Matriculating through the STSS certificate program certainly influenced the way I think about my dissertation research. I came to understand my object of study as a complex ecosystem of direct-to-consumer (DTC) genetic testing and third-party interpretation, with the “raw” genotype data file as the technical artifact at the center. Focusing on that genotype file, I can trace it from DTC company to users/downloader to third-party interpretation tool, and the movements of that file circumscribe my scope of inquiry. I am of course still interested in people — DTC consumers and third-party tool developers (indeed, these are the people I’m surveying and interviewing!) — but viewing this as a technical system united by the existence of the genotype data file was informative in drawing and describing the boundaries of my project.
The material I was exposed to in COM 539, “Theories of Technology and Society,” with Dr. Neff was the most useful in terms of layering theory onto my project. The ideas I found most relevant were (1) the social construction of “raw” data, (2) dialectic of database and narrative, and (3) power of algorithms. I will briefly summarize their contributions here.

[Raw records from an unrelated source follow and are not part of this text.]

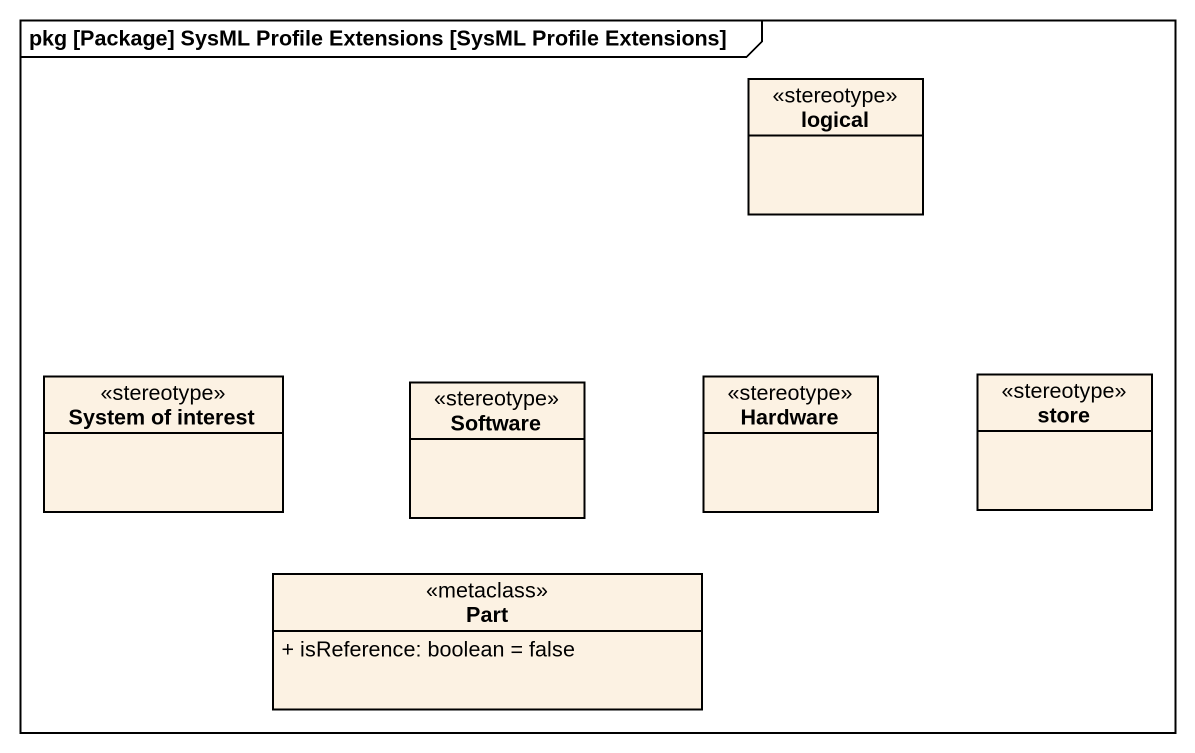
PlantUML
@startuml
mainframe pkg [Package] SysML Profile Extensions [SysML Profile Extensions]
hide circle
hide empty members
skinparam classAttributeIconSize 0
class logical <<stereotype>>
class "System of interest" as System_of_interest <<stereotype>>
class Software <<stereotype>>
class Hardware <<stereotype>>
class store <<stereotype>>
class Part <<metaclass>> {
  + isReference: boolean = false
}
@enduml

Social construction of “raw” data
First, reading ‘Raw’ Data is an Oxymoron (Gitelman 2013) helped me understand why I do (and should) put “raw” data in scare quotes, though not for the reasons I had initially thought. Before this class, my main reason for the quotes was because there are several upstream laboratory processes require to get a set of called genotypes — i.e. there are “raw-er” forms of the genetic information. However, Gitelman and Jackson’s edited volume helped me understand how data are never raw because they are not given pre-factually. Instead, data must first be imagined as data by individuals — the individuals who collect or generate it, and then the ones that use it. The genetic data generated by DTC companies is imagined in several ways — firstly by the DTC companies deciding which genetic variants to test for, and then subsequently by the customer who decides to download their data file and port it to third-party tools for further analyses.
Database and narrative
In Brown’s “Ethical Programs: Hospitality and the Rhetorics of Software,” he outlines how people’s experience of the world is a dialectic between database and narrative (Brown 2015). The two are interdependent, each requiring the other to make sense and be of use. This resonates strongly for me with DTC testing — why people do it, why they get their data for further self-interpretation, and how they “take in” (or not) all of the resulting information. For the full scope of information people may get, from ancestry to health to identifying family members, they filter and contextualize the results based on their existing understanding of themselves: their family, their health risks, their heritage. Empirical work has shown how users of DTC genetic ancestry tests end up weaving in the results with their existing familial, cultural, and racial narratives (Nelson 2008). The implication is that even if data were objective and predictable, the interaction of data with personal narrative is going to be far more unwieldy. Because of this complexity, it is hard to foresee whether people will be helped or harmed by pursuing self-directed analysis of their own genetic data. In practice, for my survey and interviews with DTC customers, this made me realize that my lines of questioning need to interrogate people’s databases and narratives.
Power of algorithms
Algorithms are central to interpretation of genetic information. Arguably, this is where most of the industry competition is in genetics, given that generating DNA sequence has become fairly fast, inexpensive, and straightforward. Algorithms are the site of responsibility and power, and indeed are often inscrutable “black boxes” to those affected by them (and indeed those whose data fuels them) (Pasquale 2015). Genetic interpretation algorithms are key to my project as well. Lay users of consumer genetic testing likely lack the expertise to analyze their data on their own. Instead, they turn to third-party tools (in addition to the DTC companies) to extract further meaning from their genomes. The algorithms of these third-party tools are what furnish people with information, with varying levels of transparency. I undertook this project in part because, through a decade working in human genetics research, I understand many of the analytic and bioinformatic approaches used by third-party interpreters. Despite my working knowledge, however, there are still many tools I find inscrutable. The algorithmic power, and responsibility, lies with the creators of these tools.
Conclusion
While I am not ultimately writing an “STSS dissertation,” the courses, readings, and writing I undertook through the certificate program have shaped how I approach my dissertation work. As an interdisciplinary scholar, the goal of bridging across disciplines and modes of inquiry is one my passions. Therefore, my exposure to STSS and my experiments layering these ways of thinking onto my dissertation work, only strengthen my capacity to do that bridging work.
References
Brown, James J. 2015. “Rhetorical Devices: Database, Narrative, and Machinic Thinking.” in Ethical programs: Hospitality and the rhetorics of software.
Gitelman, Lisa. 2013. “Introduction.” in Raw Data Is an Oxymoron, edited by L. Gitelman. Cambridge, MA: MIT Press
Nelson, Alondra. 2008. “Bio Science: Genetic Genealogy Testing and the Pursuit of African Ancestry.” Social Studies of Science 38(5):759–83
Pasquale, Frank. 2015. “Introduction – The Need to Know.” in The Black Box Society.